## YOUR TASK
Reproduce the listing verbatim through the line with "values from neighbouring".

## DATA PROVIDED
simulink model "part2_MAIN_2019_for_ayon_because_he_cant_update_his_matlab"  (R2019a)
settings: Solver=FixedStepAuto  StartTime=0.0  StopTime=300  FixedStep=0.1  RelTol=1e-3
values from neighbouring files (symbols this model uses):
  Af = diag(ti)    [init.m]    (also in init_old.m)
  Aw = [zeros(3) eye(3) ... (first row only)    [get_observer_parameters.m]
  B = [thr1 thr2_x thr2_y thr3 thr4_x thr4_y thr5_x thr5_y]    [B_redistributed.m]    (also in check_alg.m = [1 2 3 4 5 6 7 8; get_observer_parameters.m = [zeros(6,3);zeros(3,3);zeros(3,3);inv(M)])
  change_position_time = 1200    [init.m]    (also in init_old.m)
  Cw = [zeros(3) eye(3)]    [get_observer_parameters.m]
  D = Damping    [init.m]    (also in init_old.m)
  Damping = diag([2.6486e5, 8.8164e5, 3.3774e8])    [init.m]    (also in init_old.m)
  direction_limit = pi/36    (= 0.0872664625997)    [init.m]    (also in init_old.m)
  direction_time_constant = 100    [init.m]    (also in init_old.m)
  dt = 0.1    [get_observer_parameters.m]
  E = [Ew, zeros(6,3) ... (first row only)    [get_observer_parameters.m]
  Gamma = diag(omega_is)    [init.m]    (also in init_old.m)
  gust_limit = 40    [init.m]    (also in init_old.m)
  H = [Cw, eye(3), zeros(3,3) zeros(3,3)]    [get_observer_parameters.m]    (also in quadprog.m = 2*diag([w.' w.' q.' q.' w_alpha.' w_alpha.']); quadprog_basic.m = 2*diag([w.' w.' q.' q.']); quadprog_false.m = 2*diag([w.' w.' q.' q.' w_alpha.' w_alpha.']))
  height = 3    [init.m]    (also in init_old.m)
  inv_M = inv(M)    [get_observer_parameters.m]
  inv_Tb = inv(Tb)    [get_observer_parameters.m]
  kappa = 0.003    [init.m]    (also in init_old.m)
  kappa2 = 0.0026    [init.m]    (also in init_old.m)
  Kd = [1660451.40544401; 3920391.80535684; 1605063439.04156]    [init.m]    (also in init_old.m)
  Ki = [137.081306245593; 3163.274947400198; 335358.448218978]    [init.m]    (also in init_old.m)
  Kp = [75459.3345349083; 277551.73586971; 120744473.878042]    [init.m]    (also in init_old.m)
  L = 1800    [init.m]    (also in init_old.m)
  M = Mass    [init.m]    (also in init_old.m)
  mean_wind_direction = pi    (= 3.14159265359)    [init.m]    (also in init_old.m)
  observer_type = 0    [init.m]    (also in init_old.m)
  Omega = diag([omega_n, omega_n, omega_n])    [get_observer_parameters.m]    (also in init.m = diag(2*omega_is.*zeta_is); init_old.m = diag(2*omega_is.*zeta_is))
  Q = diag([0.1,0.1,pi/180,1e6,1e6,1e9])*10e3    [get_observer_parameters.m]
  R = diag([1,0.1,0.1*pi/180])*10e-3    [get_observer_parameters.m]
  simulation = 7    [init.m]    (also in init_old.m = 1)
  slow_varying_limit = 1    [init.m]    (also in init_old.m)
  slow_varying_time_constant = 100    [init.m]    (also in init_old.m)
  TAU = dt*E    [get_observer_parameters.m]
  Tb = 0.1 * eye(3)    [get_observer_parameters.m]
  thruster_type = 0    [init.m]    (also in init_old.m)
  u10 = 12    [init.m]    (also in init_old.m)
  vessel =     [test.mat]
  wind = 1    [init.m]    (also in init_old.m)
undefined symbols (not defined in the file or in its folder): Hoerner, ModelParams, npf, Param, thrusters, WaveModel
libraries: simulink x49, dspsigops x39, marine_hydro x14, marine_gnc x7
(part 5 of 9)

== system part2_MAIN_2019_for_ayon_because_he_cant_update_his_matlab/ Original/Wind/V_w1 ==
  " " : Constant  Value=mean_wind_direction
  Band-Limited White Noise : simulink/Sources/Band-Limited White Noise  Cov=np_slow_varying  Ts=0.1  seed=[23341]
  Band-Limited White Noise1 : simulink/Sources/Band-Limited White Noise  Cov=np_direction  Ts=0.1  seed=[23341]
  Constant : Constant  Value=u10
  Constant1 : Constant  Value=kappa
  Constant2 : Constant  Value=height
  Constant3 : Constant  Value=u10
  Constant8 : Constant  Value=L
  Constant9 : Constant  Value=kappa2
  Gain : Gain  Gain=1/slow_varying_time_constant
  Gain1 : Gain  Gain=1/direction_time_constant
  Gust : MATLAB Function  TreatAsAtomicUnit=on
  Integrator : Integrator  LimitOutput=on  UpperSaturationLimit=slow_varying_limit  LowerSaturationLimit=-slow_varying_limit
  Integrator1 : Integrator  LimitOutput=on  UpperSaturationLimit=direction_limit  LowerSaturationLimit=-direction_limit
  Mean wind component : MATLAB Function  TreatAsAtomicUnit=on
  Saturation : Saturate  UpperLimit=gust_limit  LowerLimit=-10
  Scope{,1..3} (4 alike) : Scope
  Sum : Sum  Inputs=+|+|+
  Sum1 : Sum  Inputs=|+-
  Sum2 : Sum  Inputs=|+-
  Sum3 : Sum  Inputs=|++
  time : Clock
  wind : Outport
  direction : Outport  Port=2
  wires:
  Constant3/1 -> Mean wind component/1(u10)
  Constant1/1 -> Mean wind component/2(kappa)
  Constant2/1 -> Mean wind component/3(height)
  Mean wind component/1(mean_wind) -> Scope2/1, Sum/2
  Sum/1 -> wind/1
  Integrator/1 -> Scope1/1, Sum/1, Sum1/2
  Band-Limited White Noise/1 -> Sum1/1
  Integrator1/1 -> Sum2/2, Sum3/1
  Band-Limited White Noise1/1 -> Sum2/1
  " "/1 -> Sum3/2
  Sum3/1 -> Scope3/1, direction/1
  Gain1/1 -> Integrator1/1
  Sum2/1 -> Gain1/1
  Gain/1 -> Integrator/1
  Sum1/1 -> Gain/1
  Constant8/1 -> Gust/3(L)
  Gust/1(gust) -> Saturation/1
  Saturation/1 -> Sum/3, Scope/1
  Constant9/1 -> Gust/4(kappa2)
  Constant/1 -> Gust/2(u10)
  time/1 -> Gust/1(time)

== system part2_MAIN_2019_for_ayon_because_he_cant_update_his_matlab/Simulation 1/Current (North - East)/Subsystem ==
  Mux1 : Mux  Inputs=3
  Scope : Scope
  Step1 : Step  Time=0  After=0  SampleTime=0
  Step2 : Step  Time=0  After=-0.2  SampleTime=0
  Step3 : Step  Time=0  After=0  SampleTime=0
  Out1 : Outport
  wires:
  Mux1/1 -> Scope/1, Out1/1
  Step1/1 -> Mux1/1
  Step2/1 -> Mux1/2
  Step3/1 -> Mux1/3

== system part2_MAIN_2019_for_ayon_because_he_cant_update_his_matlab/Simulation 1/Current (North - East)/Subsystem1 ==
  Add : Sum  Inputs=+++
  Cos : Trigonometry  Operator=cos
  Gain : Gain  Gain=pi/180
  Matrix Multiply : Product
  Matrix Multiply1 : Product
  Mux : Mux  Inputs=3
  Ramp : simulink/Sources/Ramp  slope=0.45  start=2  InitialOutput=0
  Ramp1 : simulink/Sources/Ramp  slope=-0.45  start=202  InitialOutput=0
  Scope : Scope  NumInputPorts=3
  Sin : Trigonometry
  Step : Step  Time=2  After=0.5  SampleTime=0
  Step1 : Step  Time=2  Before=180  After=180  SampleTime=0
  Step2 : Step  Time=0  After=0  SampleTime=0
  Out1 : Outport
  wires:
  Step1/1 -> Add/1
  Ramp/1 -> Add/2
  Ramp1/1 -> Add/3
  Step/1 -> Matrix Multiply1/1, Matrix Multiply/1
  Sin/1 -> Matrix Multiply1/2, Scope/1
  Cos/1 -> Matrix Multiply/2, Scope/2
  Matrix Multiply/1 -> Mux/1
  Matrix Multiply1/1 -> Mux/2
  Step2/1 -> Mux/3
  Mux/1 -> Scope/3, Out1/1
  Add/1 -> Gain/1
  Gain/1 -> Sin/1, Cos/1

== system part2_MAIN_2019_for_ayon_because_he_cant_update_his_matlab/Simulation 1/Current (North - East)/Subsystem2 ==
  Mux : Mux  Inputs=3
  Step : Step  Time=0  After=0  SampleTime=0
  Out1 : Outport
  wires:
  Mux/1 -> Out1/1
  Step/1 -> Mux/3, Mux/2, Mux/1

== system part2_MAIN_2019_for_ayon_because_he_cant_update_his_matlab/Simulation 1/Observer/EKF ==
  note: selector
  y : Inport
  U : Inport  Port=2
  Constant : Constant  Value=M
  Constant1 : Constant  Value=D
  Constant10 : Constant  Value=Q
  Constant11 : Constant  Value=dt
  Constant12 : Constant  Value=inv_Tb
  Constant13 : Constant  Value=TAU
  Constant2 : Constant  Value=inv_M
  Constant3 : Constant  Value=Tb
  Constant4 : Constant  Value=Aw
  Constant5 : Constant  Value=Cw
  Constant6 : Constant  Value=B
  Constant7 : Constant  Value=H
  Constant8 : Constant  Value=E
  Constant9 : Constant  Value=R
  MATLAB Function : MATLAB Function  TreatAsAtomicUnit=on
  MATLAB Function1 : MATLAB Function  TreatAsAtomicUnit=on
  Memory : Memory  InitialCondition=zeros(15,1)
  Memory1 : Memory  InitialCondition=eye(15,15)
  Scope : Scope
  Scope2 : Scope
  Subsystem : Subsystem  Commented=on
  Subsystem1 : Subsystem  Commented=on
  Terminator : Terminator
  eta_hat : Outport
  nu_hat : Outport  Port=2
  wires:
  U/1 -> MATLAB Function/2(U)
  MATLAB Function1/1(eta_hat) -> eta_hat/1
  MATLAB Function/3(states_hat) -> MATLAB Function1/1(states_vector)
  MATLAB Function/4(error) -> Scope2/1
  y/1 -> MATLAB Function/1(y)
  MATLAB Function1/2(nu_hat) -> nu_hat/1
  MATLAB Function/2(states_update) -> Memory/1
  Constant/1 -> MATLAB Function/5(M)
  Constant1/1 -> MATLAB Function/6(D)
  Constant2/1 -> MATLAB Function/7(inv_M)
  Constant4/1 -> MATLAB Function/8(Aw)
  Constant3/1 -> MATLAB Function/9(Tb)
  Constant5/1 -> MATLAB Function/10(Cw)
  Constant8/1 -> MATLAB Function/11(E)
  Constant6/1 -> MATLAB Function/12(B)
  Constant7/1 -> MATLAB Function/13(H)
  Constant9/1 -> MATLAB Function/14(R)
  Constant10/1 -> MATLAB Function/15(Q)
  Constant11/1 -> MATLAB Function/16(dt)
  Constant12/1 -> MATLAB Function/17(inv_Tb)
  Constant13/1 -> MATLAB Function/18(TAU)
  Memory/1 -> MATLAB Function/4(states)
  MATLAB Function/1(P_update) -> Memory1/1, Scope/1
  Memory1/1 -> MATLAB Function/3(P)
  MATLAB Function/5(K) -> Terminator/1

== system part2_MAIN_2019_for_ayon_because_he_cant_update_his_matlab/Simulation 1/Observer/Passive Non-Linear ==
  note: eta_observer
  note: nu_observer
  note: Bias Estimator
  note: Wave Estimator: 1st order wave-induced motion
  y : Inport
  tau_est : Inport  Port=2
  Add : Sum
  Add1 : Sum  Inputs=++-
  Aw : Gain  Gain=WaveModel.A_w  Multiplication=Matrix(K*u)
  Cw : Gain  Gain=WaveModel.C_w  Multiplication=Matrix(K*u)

## YOUR RESPONSE
simulink model "part2_MAIN_2019_for_ayon_because_he_cant_update_his_matlab"  (R2019a)
settings: Solver=FixedStepAuto  StartTime=0.0  StopTime=300  FixedStep=0.1  RelTol=1e-3
values from neighbouring files (symbols this model uses):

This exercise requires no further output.